### PROBLEM TO SOLVE
Only the lines from the start of the data to the line containing "#2828 = VERTEX_POINT ( 'NONE', #35011 ) ;", both included, should be output, exactly and without pictures.

### Recorded data
--- START ---

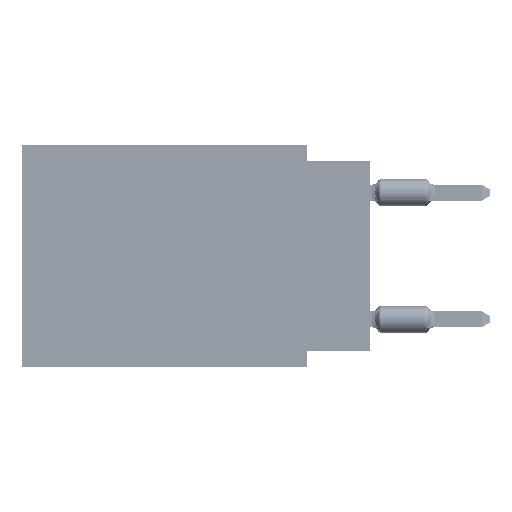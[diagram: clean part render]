
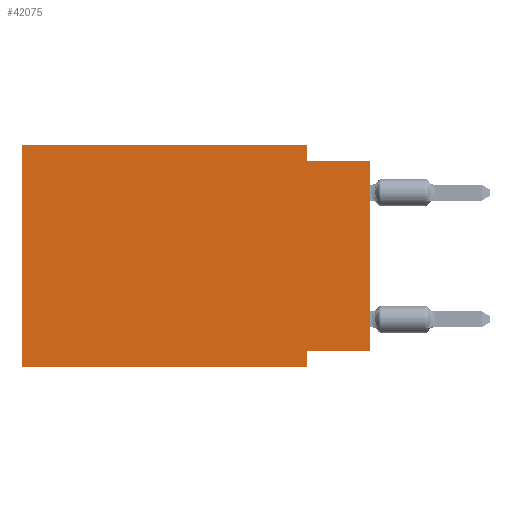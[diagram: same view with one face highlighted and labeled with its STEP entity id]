
A CAD part, left-side view. The second image highlights one B-rep face of the part: STEP entity #42075.
In plain terms, the highlighted planar face has unit normal (-1, 0, 0).
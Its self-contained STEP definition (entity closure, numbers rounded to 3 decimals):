
#404 = DIRECTION ( 'NONE',  ( 0., 1., 0. ) ) ;
#2828 = VERTEX_POINT ( 'NONE', #35011 ) ;
#5387 = AXIS2_PLACEMENT_3D ( 'NONE', #19668, #36078, #10687 ) ;
#5672 = CARTESIAN_POINT ( 'NONE',  ( 0., 13.97, 0. ) ) ;
#7847 = LINE ( 'NONE', #25350, #18767 ) ;
#9149 = EDGE_CURVE ( 'NONE', #64451, #27541, #7847, .T. ) ;
#9259 = LINE ( 'NONE', #31267, #42605 ) ;
#9929 = VECTOR ( 'NONE', #21845, 1000. ) ;
#10287 = EDGE_LOOP ( 'NONE', ( #64828, #30699, #24941, #51837, #68902, #17164, #56457, #43399 ) ) ;
#10687 = DIRECTION ( 'NONE',  ( 0., 0., -1. ) ) ;
#11774 = EDGE_CURVE ( 'NONE', #38203, #71568, #13238, .T. ) ;
#12260 = EDGE_CURVE ( 'NONE', #63993, #21281, #47031, .T. ) ;
#12416 = EDGE_CURVE ( 'NONE', #63993, #64451, #18609, .T. ) ;
#13238 = LINE ( 'NONE', #19558, #41689 ) ;
#13841 = CARTESIAN_POINT ( 'NONE',  ( 0., 0., -0.635 ) ) ;
#14831 = CARTESIAN_POINT ( 'NONE',  ( 0., 0., -0.635 ) ) ;
#16711 = DIRECTION ( 'NONE',  ( 0., -1., 0. ) ) ;
#17164 = ORIENTED_EDGE ( 'NONE', *, *, #56972, .T. ) ;
#18609 = LINE ( 'NONE', #57727, #19222 ) ;
#18767 = VECTOR ( 'NONE', #70771, 1000. ) ;
#19222 = VECTOR ( 'NONE', #404, 1000. ) ;
#19558 = CARTESIAN_POINT ( 'NONE',  ( 0., 13.97, 0. ) ) ;
#19638 = EDGE_CURVE ( 'NONE', #28391, #21281, #70477, .T. ) ;
#19668 = CARTESIAN_POINT ( 'NONE',  ( 0., 13.97, 0. ) ) ;
#21281 = VERTEX_POINT ( 'NONE', #14831 ) ;
#21845 = DIRECTION ( 'NONE',  ( 0., -1., 0. ) ) ;
#22081 = CARTESIAN_POINT ( 'NONE',  ( 0., 2.54, -8.255 ) ) ;
#23761 = LINE ( 'NONE', #63611, #67947 ) ;
#24523 = CARTESIAN_POINT ( 'NONE',  ( 0., 13.97, -8.89 ) ) ;
#24941 = ORIENTED_EDGE ( 'NONE', *, *, #69719, .F. ) ;
#25350 = CARTESIAN_POINT ( 'NONE',  ( 0., 2.54, -8.89 ) ) ;
#26699 = LINE ( 'NONE', #31896, #9929 ) ;
#27541 = VERTEX_POINT ( 'NONE', #41070 ) ;
#28391 = VERTEX_POINT ( 'NONE', #33881 ) ;
#28672 = VECTOR ( 'NONE', #46295, 1000. ) ;
#29486 = DIRECTION ( 'NONE',  ( 0., -1., 0. ) ) ;
#30699 = ORIENTED_EDGE ( 'NONE', *, *, #19638, .F. ) ;
#31267 = CARTESIAN_POINT ( 'NONE',  ( 0., 2.54, 0. ) ) ;
#31896 = CARTESIAN_POINT ( 'NONE',  ( 0., 13.97, 0. ) ) ;
#33881 = CARTESIAN_POINT ( 'NONE',  ( 0., 2.54, -0.635 ) ) ;
#35011 = CARTESIAN_POINT ( 'NONE',  ( 0., 2.54, 0. ) ) ;
#35566 = DIRECTION ( 'NONE',  ( 0., 0., 1. ) ) ;
#36078 = DIRECTION ( 'NONE',  ( 1., 0., 0. ) ) ;
#38203 = VERTEX_POINT ( 'NONE', #24523 ) ;
#41070 = CARTESIAN_POINT ( 'NONE',  ( 0., 2.54, -8.89 ) ) ;
#41689 = VECTOR ( 'NONE', #35566, 1000. ) ;
#42059 = DIRECTION ( 'NONE',  ( 0., 0., -1. ) ) ;
#42075 = ADVANCED_FACE ( 'NONE', ( #47987 ), #47227, .F. ) ;
#42605 = VECTOR ( 'NONE', #42059, 1000. ) ;
#43399 = ORIENTED_EDGE ( 'NONE', *, *, #12416, .F. ) ;
#46295 = DIRECTION ( 'NONE',  ( 0., 0., 1. ) ) ;
#47031 = LINE ( 'NONE', #69032, #28672 ) ;
#47227 = PLANE ( 'NONE',  #5387 ) ;
#47987 = FACE_OUTER_BOUND ( 'NONE', #10287, .T. ) ;
#51837 = ORIENTED_EDGE ( 'NONE', *, *, #59801, .F. ) ;
#56457 = ORIENTED_EDGE ( 'NONE', *, *, #9149, .F. ) ;
#56972 = EDGE_CURVE ( 'NONE', #38203, #27541, #23761, .T. ) ;
#57727 = CARTESIAN_POINT ( 'NONE',  ( 0., 0., -8.255 ) ) ;
#59426 = VECTOR ( 'NONE', #29486, 1000. ) ;
#59801 = EDGE_CURVE ( 'NONE', #71568, #2828, #26699, .T. ) ;
#63611 = CARTESIAN_POINT ( 'NONE',  ( 0., 13.97, -8.89 ) ) ;
#63993 = VERTEX_POINT ( 'NONE', #66902 ) ;
#64451 = VERTEX_POINT ( 'NONE', #22081 ) ;
#64828 = ORIENTED_EDGE ( 'NONE', *, *, #12260, .T. ) ;
#66902 = CARTESIAN_POINT ( 'NONE',  ( 0., 0., -8.255 ) ) ;
#67947 = VECTOR ( 'NONE', #16711, 1000. ) ;
#68902 = ORIENTED_EDGE ( 'NONE', *, *, #11774, .F. ) ;
#69032 = CARTESIAN_POINT ( 'NONE',  ( 0., 0., 0. ) ) ;
#69719 = EDGE_CURVE ( 'NONE', #2828, #28391, #9259, .T. ) ;
#70477 = LINE ( 'NONE', #13841, #59426 ) ;
#70771 = DIRECTION ( 'NONE',  ( 0., 0., -1. ) ) ;
#71568 = VERTEX_POINT ( 'NONE', #5672 ) ;

--- END ---

### FINAL ANSWER
[diagram: clean part render]
[diagram: same view with one face highlighted and labeled with its STEP entity id]
A CAD part, left-side view. The second image highlights one B-rep face of the part: STEP entity #42075.
In plain terms, the highlighted planar face has unit normal (-1, 0, 0).
Its self-contained STEP definition (entity closure, numbers rounded to 3 decimals):
#404 = DIRECTION ( 'NONE',  ( 0., 1., 0. ) ) ;
#2828 = VERTEX_POINT ( 'NONE', #35011 ) ;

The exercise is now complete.